WORK TO COMPLETE ▸
In the entries below, find each line with the string "mechanical" and copy it.

"""

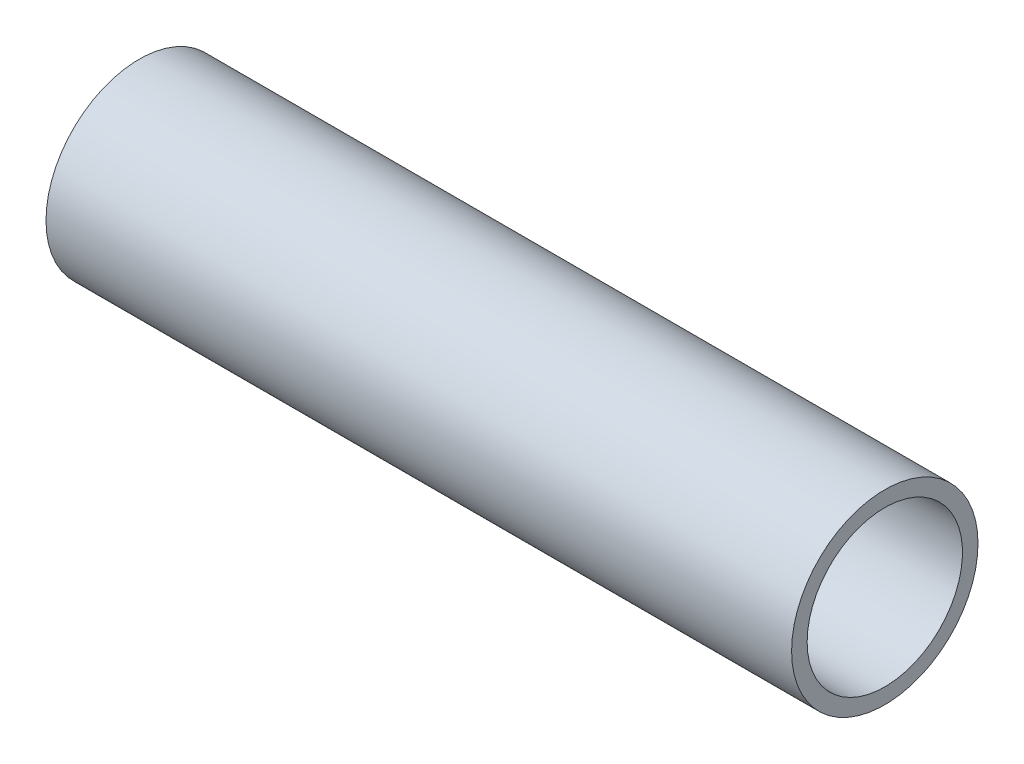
ISO-10303-21;
HEADER;
FILE_DESCRIPTION(('STEP AP214'),'2;1');
FILE_NAME('part.step','',(''),(''),'','','');
FILE_SCHEMA(('AUTOMOTIVE_DESIGN { 1 0 10303 214 1 1 1 1 }'));
ENDSEC;
DATA;
#1=APPLICATION_CONTEXT('core data for automotive mechanical design processes');
#2=APPLICATION_PROTOCOL_DEFINITION('international standard','automotive_design',2000,#1);
#3=PRODUCT_CONTEXT('',#1,'mechanical');
#4=PRODUCT('Part','Part','',(#3));
#5=PRODUCT_RELATED_PRODUCT_CATEGORY('part','',(#4));
#6=PRODUCT_DEFINITION_FORMATION('','',#4);
#7=PRODUCT_DEFINITION_CONTEXT('part definition',#1,'design');
#8=PRODUCT_DEFINITION('design','',#6,#7);
#9=PRODUCT_DEFINITION_SHAPE('','',#8);
#10=(LENGTH_UNIT() NAMED_UNIT(*) SI_UNIT(.MILLI.,.METRE.));
#11=(NAMED_UNIT(*) PLANE_ANGLE_UNIT() SI_UNIT($,.RADIAN.));
#12=(NAMED_UNIT(*) SI_UNIT($,.STERADIAN.) SOLID_ANGLE_UNIT());
#13=UNCERTAINTY_MEASURE_WITH_UNIT(LENGTH_MEASURE(1.E-05),#10,'distance_accuracy_value','');
#14=(GEOMETRIC_REPRESENTATION_CONTEXT(3) GLOBAL_UNCERTAINTY_ASSIGNED_CONTEXT((#13)) GLOBAL_UNIT_ASSIGNED_CONTEXT((#10,
#11,#12)) REPRESENTATION_CONTEXT('',''));
#15=CARTESIAN_POINT('',(0.,0.,0.));
#16=DIRECTION('',(0.,0.,1.));
#17=DIRECTION('',(1.,0.,0.));
#18=AXIS2_PLACEMENT_3D('',#15,#16,#17);
#19=CARTESIAN_POINT('',(-25.5720184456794,0.,0.));
#20=DIRECTION('',(-1.,0.,0.));
#21=DIRECTION('',(0.,0.,1.));
#22=AXIS2_PLACEMENT_3D('',#19,#20,#21);
#23=CYLINDRICAL_SURFACE('',#22,6.);
#24=CARTESIAN_POINT('',(-18.3801768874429,0.,0.));
#25=DIRECTION('',(-1.,0.,0.));
#26=DIRECTION('',(0.,0.,1.));
#27=AXIS2_PLACEMENT_3D('',#24,#25,#26);
#28=CIRCLE('',#27,6.);
#29=CARTESIAN_POINT('',(-18.3801768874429,0.,6.));
#30=VERTEX_POINT('',#29);
#31=EDGE_CURVE('E54',#30,#30,#28,.T.);
#32=ORIENTED_EDGE('',*,*,#31,.F.);
#33=EDGE_LOOP('',(#32));
#34=FACE_BOUND('',#33,.T.);
#35=CARTESIAN_POINT('',(29.6198231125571,0.,0.));
#36=DIRECTION('',(-1.,0.,0.));
#37=DIRECTION('',(0.,0.,1.));
#38=AXIS2_PLACEMENT_3D('',#35,#36,#37);
#39=CIRCLE('',#38,6.);
#40=CARTESIAN_POINT('',(29.6198231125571,0.,6.));
#41=VERTEX_POINT('',#40);
#42=EDGE_CURVE('E10',#41,#41,#39,.T.);
#43=ORIENTED_EDGE('',*,*,#42,.T.);
#44=EDGE_LOOP('',(#43));
#45=FACE_BOUND('',#44,.T.);
#46=ADVANCED_FACE('F37',(#34,#45),#23,.T.);
#47=CARTESIAN_POINT('',(29.6198231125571,6.,0.));
#48=DIRECTION('',(-1.,0.,0.));
#49=DIRECTION('',(0.,0.,1.));
#50=AXIS2_PLACEMENT_3D('',#47,#48,#49);
#51=PLANE('',#50);
#52=ORIENTED_EDGE('',*,*,#42,.F.);
#53=EDGE_LOOP('',(#52));
#54=FACE_BOUND('',#53,.T.);
#55=CARTESIAN_POINT('',(29.6198231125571,0.,0.));
#56=DIRECTION('',(-1.,0.,0.));
#57=DIRECTION('',(0.,0.,1.));
#58=AXIS2_PLACEMENT_3D('',#55,#56,#57);
#59=CIRCLE('',#58,5.);
#60=CARTESIAN_POINT('',(29.6198231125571,0.,5.));
#61=VERTEX_POINT('',#60);
#62=EDGE_CURVE('E44',#61,#61,#59,.T.);
#63=ORIENTED_EDGE('',*,*,#62,.T.);
#64=EDGE_LOOP('',(#63));
#65=FACE_BOUND('',#64,.T.);
#66=ADVANCED_FACE('F64',(#54,#65),#51,.F.);
#67=CARTESIAN_POINT('',(-25.5720184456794,0.,0.));
#68=DIRECTION('',(-1.,0.,0.));
#69=DIRECTION('',(0.,0.,1.));
#70=AXIS2_PLACEMENT_3D('',#67,#68,#69);
#71=CYLINDRICAL_SURFACE('',#70,5.);
#72=ORIENTED_EDGE('',*,*,#62,.F.);
#73=EDGE_LOOP('',(#72));
#74=FACE_BOUND('',#73,.T.);
#75=CARTESIAN_POINT('',(-18.3801768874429,0.,0.));
#76=DIRECTION('',(-1.,0.,0.));
#77=DIRECTION('',(0.,0.,1.));
#78=AXIS2_PLACEMENT_3D('',#75,#76,#77);
#79=CIRCLE('',#78,5.);
#80=CARTESIAN_POINT('',(-18.3801768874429,0.,5.));
#81=VERTEX_POINT('',#80);
#82=EDGE_CURVE('E49',#81,#81,#79,.T.);
#83=ORIENTED_EDGE('',*,*,#82,.T.);
#84=EDGE_LOOP('',(#83));
#85=FACE_BOUND('',#84,.T.);
#86=ADVANCED_FACE('F68',(#74,#85),#71,.F.);
#87=CARTESIAN_POINT('',(-18.3801768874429,5.,0.));
#88=DIRECTION('',(1.,0.,0.));
#89=DIRECTION('',(0.,0.,-1.));
#90=AXIS2_PLACEMENT_3D('',#87,#88,#89);
#91=PLANE('',#90);
#92=ORIENTED_EDGE('',*,*,#82,.F.);
#93=EDGE_LOOP('',(#92));
#94=FACE_BOUND('',#93,.T.);
#95=ORIENTED_EDGE('',*,*,#31,.T.);
#96=EDGE_LOOP('',(#95));
#97=FACE_BOUND('',#96,.T.);
#98=ADVANCED_FACE('F61',(#94,#97),#91,.F.);
#99=CLOSED_SHELL('',(#46,#66,#86,#98));
#100=MANIFOLD_SOLID_BREP('B2',#99);
#101=ADVANCED_BREP_SHAPE_REPRESENTATION('',(#18,#100),#14);
#102=SHAPE_DEFINITION_REPRESENTATION(#9,#101);
ENDSEC;
END-ISO-10303-21;

"""

RESULT OF THIS TASK ▸
#1=APPLICATION_CONTEXT('core data for automotive mechanical design processes');
#3=PRODUCT_CONTEXT('',#1,'mechanical');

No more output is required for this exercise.